The Fifth Concerto was composed in 1874. It is by far the most gargantuan of any of Rubinstein's piano and orchestra works, both by virtue of its nearly fifty minutes of music and the extreme physical demands made on the soloist. Significantly, Rubinstein dedicated the Fifth Concerto to Charles Valentin Alkan (real name Morhange), the eccentric French pianist-composer whose own keyboard works often contain similar pianistic extravagances. Rubinstein's writing in the Fifth Concerto has been accused of being at times derivative of both Beethoven and Liszt. Such strong influences were perhaps inevitable for a composer such as Rubinstein, whose style was undeniably influenced both by the German school stemming from Beethoven and Mendelssohn, and by the keyboard wizardry of Liszt.


Conversely, the influence that Rubinstein's compositions and performance style had on such contemporaries as Tchaikovsky, Balakirev, and both the young Busoni and Rachmaninov cannot be ignored. Tchaikovsky, who for the most part was caustic in his opinions of Rubinstein's compositions, in his own First Piano Concerto (which was finished close to a year after Rubinstein's Fifth Concerto) came perilously close to an outright plagiarizing of certain of Rubinstein's pianistic effects.

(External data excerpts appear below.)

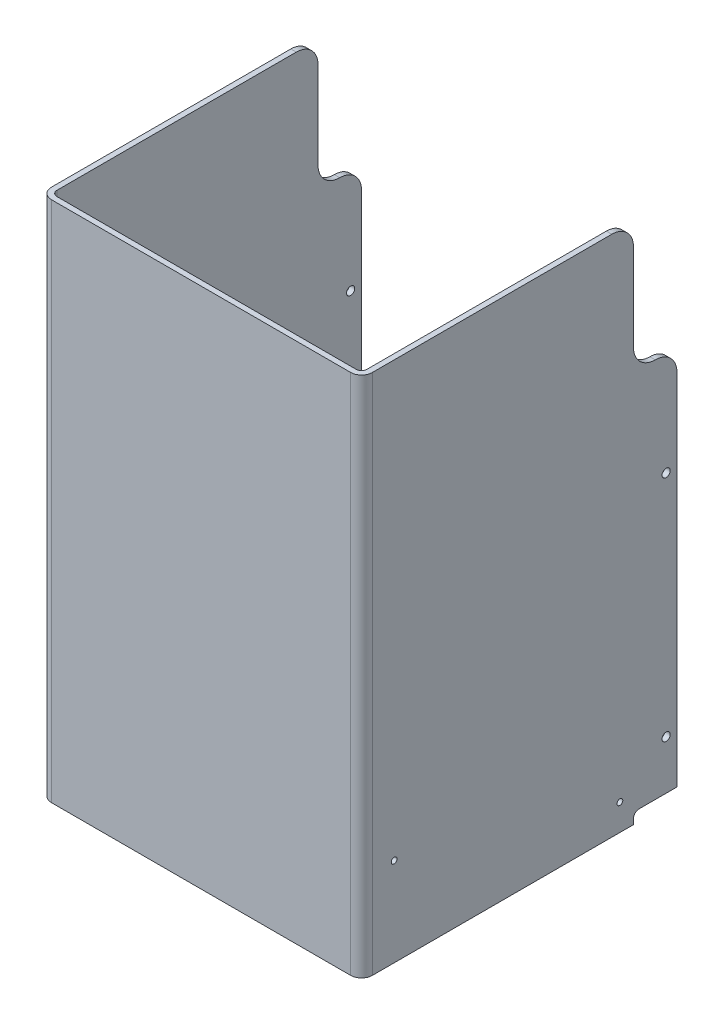
SolidWorks part; units mm, degrees
material "PC High Viscosity"
ref_plane "Front Plane" through (0, 0, 0) normal (0, 0, 1) x (1, 0, 0)
ref_plane "Top Plane" through (0, 0, 0) normal (0, 1, 0) x (1, 0, 0)
ref_plane "Right Plane" through (0, 0, 0) normal (1, 0, 0) x (0, 0, -1)
sketch "Sketch1" plane through (0, 0, 0) normal (0, 1, 0) x (1, 0, 0)
  line L0 (0, 0) -> (0, -368.3)
  line L1 (0, -368.3) -> (374.65, -368.3)
  line L2 (374.65, -368.3) -> (374.65, 0)
  line L3 (374.65, 0) -> (368.3, 0)
  line L4 (368.3, 0) -> (368.3, -361.95)
  line L5 (368.3, -361.95) -> (6.35, -361.95)
  line L6 (6.35, -361.95) -> (6.35, 0)
  line L7 (6.35, 0) -> (0, 0)
  dimension "D1" = 361.95
  dimension "D2" = 361.95
  dimension "D3" = 6.35
  dimension "D4" = 6.35
extrude "Boss-Extrude1" add sketch "Sketch1" along normal blind 609.6
fillet "Fillet1" radius 6.35 2 edges at (368.3, 304.8, 361.95) (6.35, 304.8, 361.95)
fillet "Fillet2" radius 12.7 2 edges at (374.65, 304.8, 368.3) (0, 304.8, 368.3)
sketch "Sketch2" plane through (374.65, 0, 0) normal (1, 0, 0) x (0, 0, -1)
  line L0 (0, 0) -> (-50.8, 0)
  line L1 (0, 0) -> (0, 12.7)
  line L2 (-50.8, 0) -> (-50.8, 12.7)
  line L3 (0, 12.7) -> (-50.8, 12.7)
  line L4 (-355.6, 0) -> (0, 0) construction
  dimension "D1" = 12.7
  dimension "D2" = 50.8
extrude "Cut-Extrude1" cut sketch "Sketch2" against normal through all
sketch "Sketch4" plane through (374.65, 0, 0) normal (1, 0, 0) x (0, 0, -1)
  line L1 (0, 609.6) -> (-50.8, 609.6)
  line L2 (0, 609.6) -> (0, 457.2)
  line L3 (0, 457.2) -> (-50.8, 457.2)
  line L4 (-50.8, 609.6) -> (-50.8, 457.2)
  dimension "D1" = 50.8
  dimension "D2" = 152.4
extrude "Cut-Extrude2" cut sketch "Sketch4" against normal through all
sketch "Sketch5" plane through (374.65, 0, 0) normal (1, 0, 0) x (0, 0, -1)
  line L0 (-0.8443, 19.1643) -> (0, 22.225) construction
  line L1 (-0.8443, 19.1643) -> (-346.7012, 114.5712) construction
  line L2 (0, 22.225) -> (-345.8569, 117.6319) construction
  line L3 (-346.7012, 114.5712) -> (-345.8569, 117.6319) construction
  line L5 (-355.6, 0) -> (-50.8, 0) construction
  line L6 (-330.2, 103.4321) -> (-66.675, 30.737) construction
  line L7 (0, 457.2) -> (0, 12.7) construction
  line L8 (0, 12.7) -> (-50.8, 12.7) construction
  circle A0 centre (-330.2, 103.4321) radius 3.3782
  circle A1 centre (-66.675, 30.737) radius 3.3782
  point P14 (0, 0)
  point P15 (0, 0)
  dimension "D4" = 6.35
  dimension "D5" = 6.7564
  dimension "D1" = 3.175
  dimension "D2" = 9.525
  dimension "D3" = 358.775
  dimension "D6" = 66.675
  dimension "D7" = 330.2
  dimension "D8" = 103.4321
extrude "Cut-Extrude3" cut sketch "Sketch5" against normal through all
sketch "Sketch6" plane through (374.65, 0, 0) normal (1, 0, 0) x (0, 0, -1)
  line L0 (0, 12.7) -> (-50.8, 12.7) construction
  line L2 (0, 457.2) -> (0, 12.7) construction
  circle A0 centre (-12.7, 69.85) radius 4.7625
  circle A1 centre (-12.7, 336.55) radius 4.7625
  dimension "D1" = 57.15
  dimension "D3" = 9.525
  dimension "D2" = 266.7
  dimension "D4" = 12.7
extrude "Cut-Extrude4" cut sketch "Sketch6" against normal through all
fillet "Fillet3" radius 25.4 6 edges at (3.175, 457.2, 0) (371.475, 457.2, 0) (371.475, 457.2, 50.8) (3.175, 457.2, 50.8) (3.175, 609.6, 50.8) (371.475, 609.6, 50.8)
fillet "Fillet4" radius 6.35 2 edges at (3.175, 12.7, 50.8) (371.475, 12.7, 50.8)

In the Fifth Concerto, as in his other piano concertos, Rubinstein largely adheres to traditional structure. The opening huge movement is in sonata form, complete with a solo piano cadenza. In the opening principal theme given by the orchestra there is a pentatonic flavour, which to the listener sounds vaguely Oriental. At the close of the movement's exposition section, the series of elephantine, powerful ascending chords played by the piano against the horns of the orchestra must have been a strong stimulus for Tchaikovsky's own famous opening to his First Concerto. Rubinstein's extreme demands for the soloist include extended octave passages and huge chords written expressly for the composer's own mammoth reach, and difficult trills in double notes for both hands.

The dark, sombre second movement is in three-part form, with rhapsodic passages in the piano which punctuate and answer the quiet, folk-like material initially given in the orchestra. After an impassioned solo piano cadenza finally signals the return to the opening material, Rubinstein now reverses the order of themes, then ends the movement with three pizzicatos and a muffled, ominious muttering of the timpani.

The finale is constructed in sonata-rondo form. Like the first movement, it is built on a huge scale, with enormous musical gestures and technical demands for the soloist. Following several statements of a wild, rollicking theme that might be nicknamed "The Hunt", Rubinstein has the piano play an Italian dance tune over a typical Central Italian drone bass of open fifths. (In the manuscript Rubinstein indicates this as a "Tarantella napolitaine populaire".) Considerable glittering technical display for the pianist follows, then a concluding explosion of upward moving interlocking octaves, reminiscent of the close of the first movement of Tchaikovsky's First Concerto, brings this titanic movement to a suitably brilliant conclusion.

 

 

After Rubinstein's death, his works began to lose popularity, although his piano concerti remained

in the repertoire in Europe until the First World War, and his principal works have retained a toehold in the Russian concert repertoire. Over recent years, his work has been performed a little more often both in Russia and abroad, and has often met with positive criticism. Amongst his better known works are the opera The Demon, his Piano Concerto No. 4, and his Symphony No. 2, known as The Ocean.